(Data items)
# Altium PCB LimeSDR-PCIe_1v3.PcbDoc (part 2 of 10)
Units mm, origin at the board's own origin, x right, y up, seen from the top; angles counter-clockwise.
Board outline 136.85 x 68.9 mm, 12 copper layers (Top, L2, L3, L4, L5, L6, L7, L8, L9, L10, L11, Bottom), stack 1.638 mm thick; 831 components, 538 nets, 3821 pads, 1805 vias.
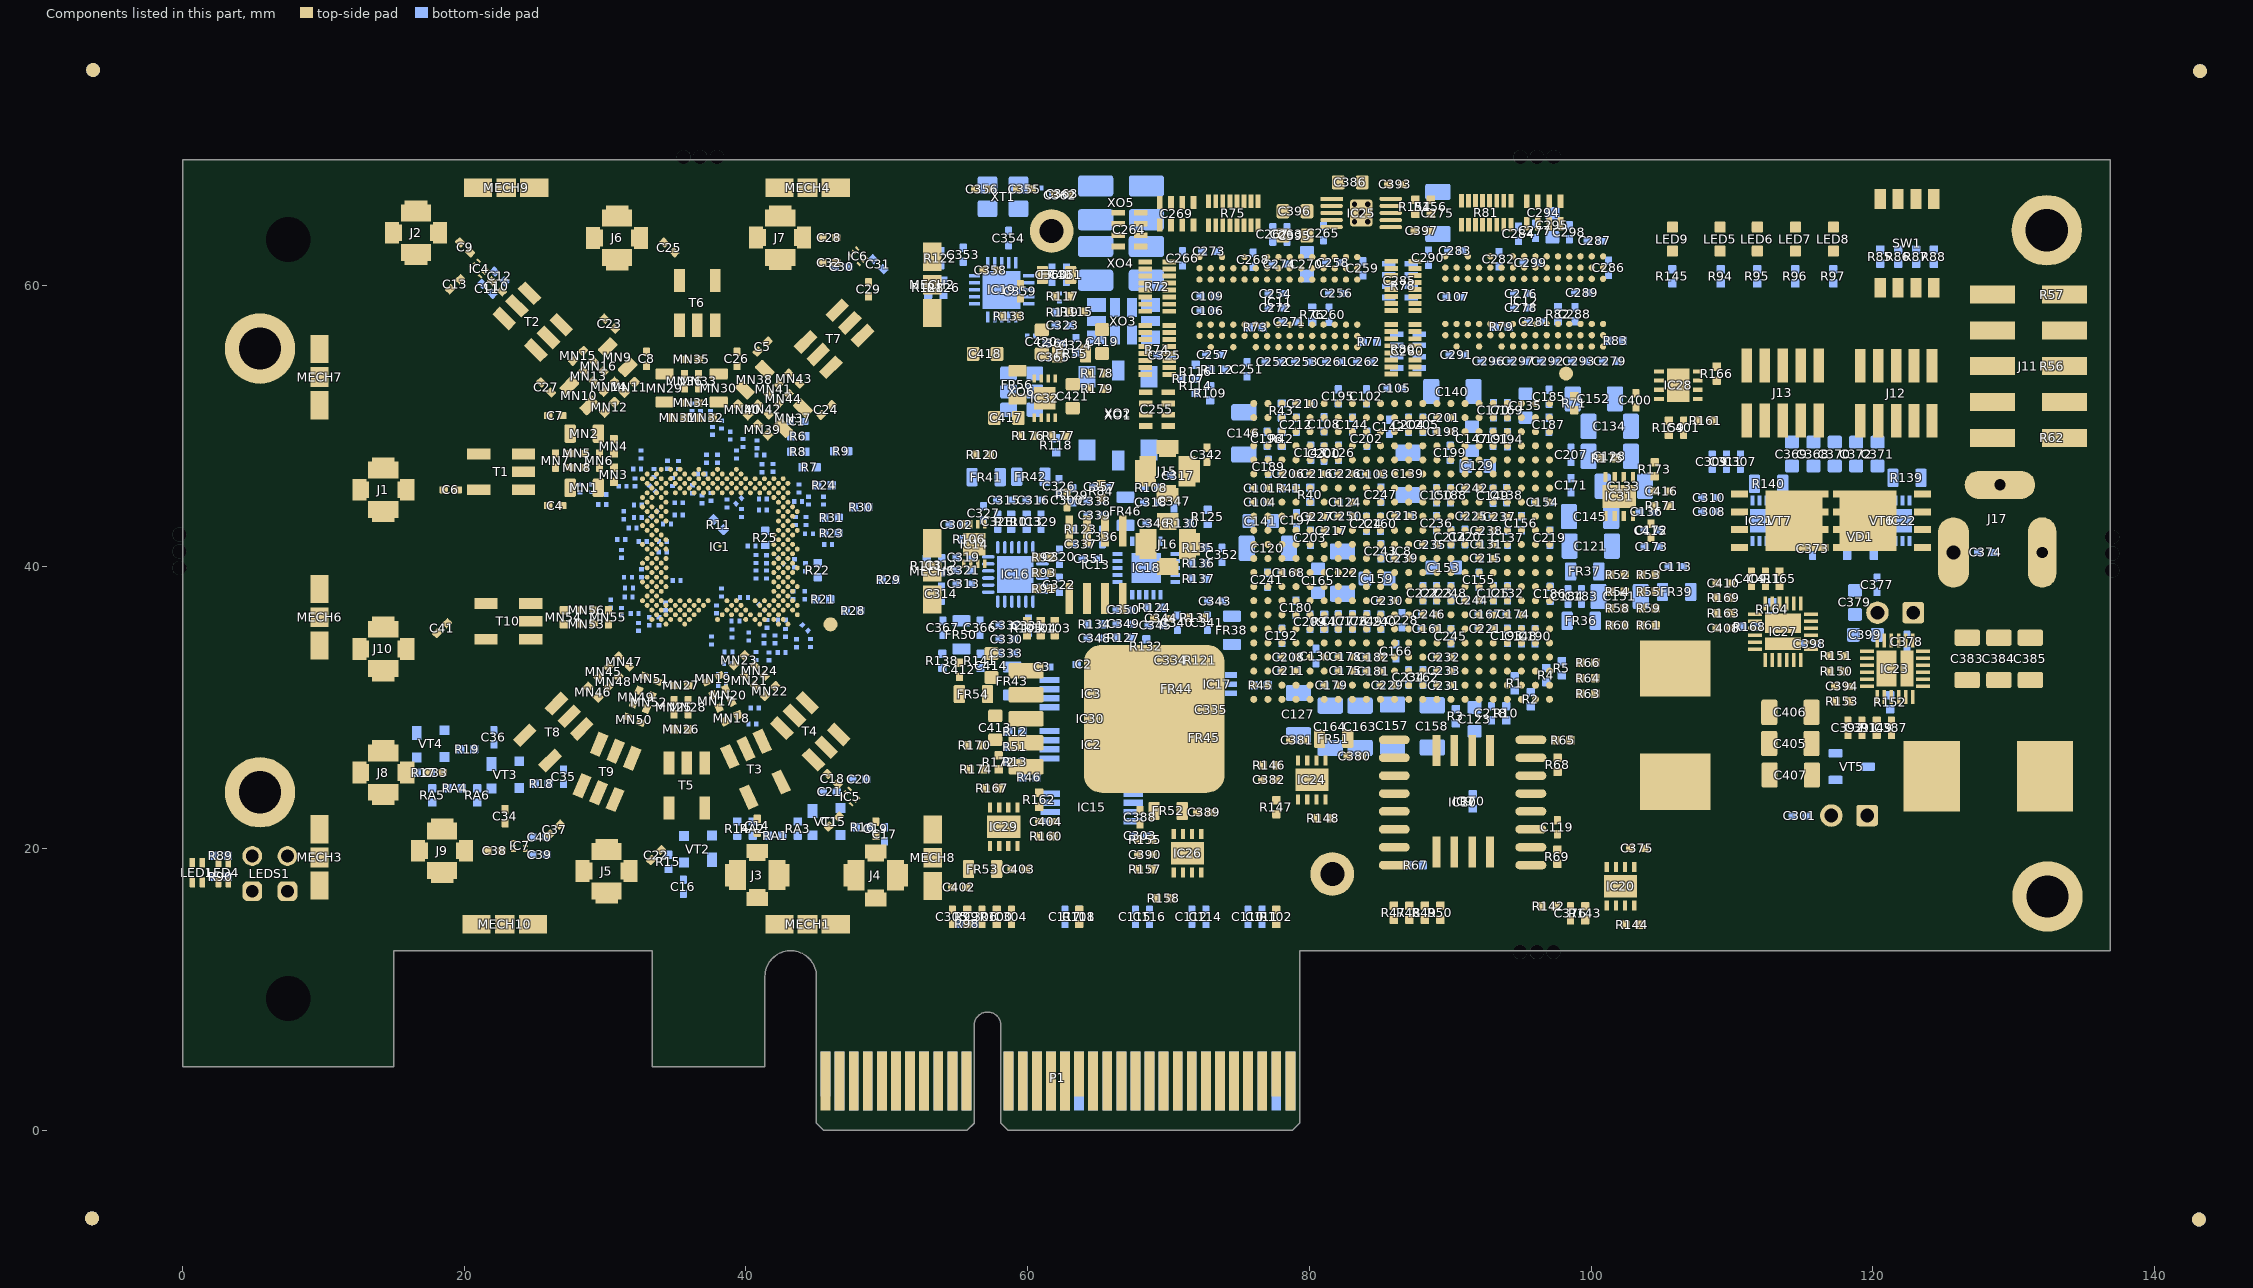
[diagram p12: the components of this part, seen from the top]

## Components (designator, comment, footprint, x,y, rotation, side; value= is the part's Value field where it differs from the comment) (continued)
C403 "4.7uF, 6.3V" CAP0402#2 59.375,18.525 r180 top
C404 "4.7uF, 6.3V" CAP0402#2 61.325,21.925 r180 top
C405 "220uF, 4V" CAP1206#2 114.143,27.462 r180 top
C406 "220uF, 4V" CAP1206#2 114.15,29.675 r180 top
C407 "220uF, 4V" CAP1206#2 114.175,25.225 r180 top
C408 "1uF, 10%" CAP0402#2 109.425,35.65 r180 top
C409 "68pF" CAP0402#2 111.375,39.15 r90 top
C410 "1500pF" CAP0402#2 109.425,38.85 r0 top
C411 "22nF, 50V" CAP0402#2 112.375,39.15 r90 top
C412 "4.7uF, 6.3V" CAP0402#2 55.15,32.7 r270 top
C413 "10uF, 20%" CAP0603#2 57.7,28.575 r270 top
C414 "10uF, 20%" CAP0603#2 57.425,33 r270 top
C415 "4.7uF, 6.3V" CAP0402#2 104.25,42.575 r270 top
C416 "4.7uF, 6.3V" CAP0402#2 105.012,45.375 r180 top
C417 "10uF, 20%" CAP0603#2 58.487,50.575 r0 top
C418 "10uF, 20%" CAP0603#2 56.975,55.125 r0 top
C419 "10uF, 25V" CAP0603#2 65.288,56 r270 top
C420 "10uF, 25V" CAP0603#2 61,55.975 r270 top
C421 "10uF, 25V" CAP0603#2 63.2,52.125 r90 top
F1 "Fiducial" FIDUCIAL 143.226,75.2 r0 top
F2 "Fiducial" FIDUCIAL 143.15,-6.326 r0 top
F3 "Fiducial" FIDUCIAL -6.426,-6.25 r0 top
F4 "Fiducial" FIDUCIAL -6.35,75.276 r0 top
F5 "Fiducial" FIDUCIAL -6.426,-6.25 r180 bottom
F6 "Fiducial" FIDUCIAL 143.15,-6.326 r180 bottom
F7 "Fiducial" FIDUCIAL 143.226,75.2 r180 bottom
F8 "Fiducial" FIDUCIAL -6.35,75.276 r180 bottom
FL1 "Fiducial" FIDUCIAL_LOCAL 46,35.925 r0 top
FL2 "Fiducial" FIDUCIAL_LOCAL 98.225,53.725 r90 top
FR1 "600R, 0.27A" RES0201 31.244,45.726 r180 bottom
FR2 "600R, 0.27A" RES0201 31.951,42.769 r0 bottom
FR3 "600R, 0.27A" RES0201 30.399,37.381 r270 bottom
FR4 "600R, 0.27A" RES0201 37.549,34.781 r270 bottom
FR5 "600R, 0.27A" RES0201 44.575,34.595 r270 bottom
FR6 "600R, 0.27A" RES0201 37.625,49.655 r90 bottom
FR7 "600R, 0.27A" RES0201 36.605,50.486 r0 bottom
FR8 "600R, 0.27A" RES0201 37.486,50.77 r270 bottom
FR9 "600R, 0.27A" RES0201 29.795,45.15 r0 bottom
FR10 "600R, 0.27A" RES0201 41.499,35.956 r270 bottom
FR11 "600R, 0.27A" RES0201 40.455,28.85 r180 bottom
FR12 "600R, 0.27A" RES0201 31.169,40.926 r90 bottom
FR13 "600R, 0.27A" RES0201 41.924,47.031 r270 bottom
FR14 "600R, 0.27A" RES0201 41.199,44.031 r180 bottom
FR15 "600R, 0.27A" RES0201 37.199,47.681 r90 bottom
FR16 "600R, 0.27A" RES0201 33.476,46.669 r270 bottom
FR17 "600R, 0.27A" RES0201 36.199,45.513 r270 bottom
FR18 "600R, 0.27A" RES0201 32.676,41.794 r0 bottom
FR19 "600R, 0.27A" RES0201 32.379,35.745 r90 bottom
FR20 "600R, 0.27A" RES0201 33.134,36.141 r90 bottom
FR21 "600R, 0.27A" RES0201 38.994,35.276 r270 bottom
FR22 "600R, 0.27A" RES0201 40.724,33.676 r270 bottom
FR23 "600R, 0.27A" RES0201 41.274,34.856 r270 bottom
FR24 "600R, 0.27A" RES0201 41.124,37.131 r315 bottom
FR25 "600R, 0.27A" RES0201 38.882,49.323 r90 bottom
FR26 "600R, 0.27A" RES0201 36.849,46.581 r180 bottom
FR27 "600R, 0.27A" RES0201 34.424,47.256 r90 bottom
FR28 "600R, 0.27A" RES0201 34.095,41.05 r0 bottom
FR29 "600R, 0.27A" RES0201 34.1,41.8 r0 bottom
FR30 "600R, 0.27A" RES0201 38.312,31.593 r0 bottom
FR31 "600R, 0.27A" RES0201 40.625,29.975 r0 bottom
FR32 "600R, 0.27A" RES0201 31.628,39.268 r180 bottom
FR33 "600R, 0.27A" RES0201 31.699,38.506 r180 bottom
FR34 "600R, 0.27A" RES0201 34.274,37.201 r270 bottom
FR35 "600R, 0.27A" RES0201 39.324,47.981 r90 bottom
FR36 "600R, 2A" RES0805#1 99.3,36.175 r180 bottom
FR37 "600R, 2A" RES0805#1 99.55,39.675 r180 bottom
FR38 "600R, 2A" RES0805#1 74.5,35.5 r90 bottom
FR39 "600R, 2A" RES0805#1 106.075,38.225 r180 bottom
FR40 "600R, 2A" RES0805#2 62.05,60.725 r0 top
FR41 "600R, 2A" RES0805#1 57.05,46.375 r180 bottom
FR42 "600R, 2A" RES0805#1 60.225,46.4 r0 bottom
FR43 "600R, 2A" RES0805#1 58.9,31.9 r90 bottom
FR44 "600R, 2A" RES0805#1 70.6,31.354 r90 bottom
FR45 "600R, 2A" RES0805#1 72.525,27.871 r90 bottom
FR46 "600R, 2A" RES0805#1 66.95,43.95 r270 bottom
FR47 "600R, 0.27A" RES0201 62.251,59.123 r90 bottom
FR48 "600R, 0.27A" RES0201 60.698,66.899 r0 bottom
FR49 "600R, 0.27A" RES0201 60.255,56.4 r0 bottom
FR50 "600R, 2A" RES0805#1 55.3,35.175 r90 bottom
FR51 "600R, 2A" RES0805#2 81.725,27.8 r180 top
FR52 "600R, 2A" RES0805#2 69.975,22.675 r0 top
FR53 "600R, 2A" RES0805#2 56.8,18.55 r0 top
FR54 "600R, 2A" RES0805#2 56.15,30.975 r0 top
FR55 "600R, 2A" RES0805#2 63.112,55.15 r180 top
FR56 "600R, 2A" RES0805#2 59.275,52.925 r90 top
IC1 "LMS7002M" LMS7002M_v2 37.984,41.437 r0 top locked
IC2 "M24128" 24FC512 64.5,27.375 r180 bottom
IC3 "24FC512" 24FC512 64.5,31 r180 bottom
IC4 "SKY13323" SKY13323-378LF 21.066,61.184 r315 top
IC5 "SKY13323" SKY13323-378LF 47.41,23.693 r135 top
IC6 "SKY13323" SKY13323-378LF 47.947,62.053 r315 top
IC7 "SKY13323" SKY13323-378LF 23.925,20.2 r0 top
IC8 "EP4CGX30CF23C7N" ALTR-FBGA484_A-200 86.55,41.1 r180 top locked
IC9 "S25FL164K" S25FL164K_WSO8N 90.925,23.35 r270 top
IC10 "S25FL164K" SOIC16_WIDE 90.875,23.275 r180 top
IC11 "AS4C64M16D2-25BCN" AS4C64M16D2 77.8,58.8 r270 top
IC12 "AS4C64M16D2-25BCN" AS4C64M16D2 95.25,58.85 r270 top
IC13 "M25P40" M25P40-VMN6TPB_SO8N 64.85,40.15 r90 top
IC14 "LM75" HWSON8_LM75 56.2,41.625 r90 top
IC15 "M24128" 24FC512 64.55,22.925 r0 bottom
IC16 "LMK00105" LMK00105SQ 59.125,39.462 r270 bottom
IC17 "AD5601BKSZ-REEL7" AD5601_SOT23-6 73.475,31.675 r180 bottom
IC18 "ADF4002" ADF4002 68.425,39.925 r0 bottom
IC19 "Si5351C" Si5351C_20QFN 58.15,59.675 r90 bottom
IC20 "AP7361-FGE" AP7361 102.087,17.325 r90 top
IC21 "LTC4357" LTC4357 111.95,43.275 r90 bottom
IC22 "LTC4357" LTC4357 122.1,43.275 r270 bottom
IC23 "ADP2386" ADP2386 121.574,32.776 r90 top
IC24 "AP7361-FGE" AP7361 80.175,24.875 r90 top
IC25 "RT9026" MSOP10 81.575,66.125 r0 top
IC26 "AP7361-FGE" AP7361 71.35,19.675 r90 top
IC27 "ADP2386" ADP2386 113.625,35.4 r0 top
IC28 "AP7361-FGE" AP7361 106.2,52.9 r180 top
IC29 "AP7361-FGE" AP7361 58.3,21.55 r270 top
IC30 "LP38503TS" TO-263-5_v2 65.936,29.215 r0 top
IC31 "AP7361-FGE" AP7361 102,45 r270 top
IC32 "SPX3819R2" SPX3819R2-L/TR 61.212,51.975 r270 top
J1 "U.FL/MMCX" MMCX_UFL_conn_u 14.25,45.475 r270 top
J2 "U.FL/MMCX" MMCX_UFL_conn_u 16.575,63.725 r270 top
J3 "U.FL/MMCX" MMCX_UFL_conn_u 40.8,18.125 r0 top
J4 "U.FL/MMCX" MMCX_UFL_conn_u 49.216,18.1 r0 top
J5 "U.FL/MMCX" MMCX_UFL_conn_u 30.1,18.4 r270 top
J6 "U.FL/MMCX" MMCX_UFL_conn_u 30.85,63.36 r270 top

■ **Task to complete**:
The lines above from the one with "66.95,43.95 r270 bottom" through the one with "69.975,22.675 r0 top" are to be duplicated exactly, ends included, with nothing added.

■ **Exercise result**:
FR46 "600R, 2A" RES0805#1 66.95,43.95 r270 bottom
FR47 "600R, 0.27A" RES0201 62.251,59.123 r90 bottom
FR48 "600R, 0.27A" RES0201 60.698,66.899 r0 bottom
FR49 "600R, 0.27A" RES0201 60.255,56.4 r0 bottom
FR50 "600R, 2A" RES0805#1 55.3,35.175 r90 bottom
FR51 "600R, 2A" RES0805#2 81.725,27.8 r180 top
FR52 "600R, 2A" RES0805#2 69.975,22.675 r0 top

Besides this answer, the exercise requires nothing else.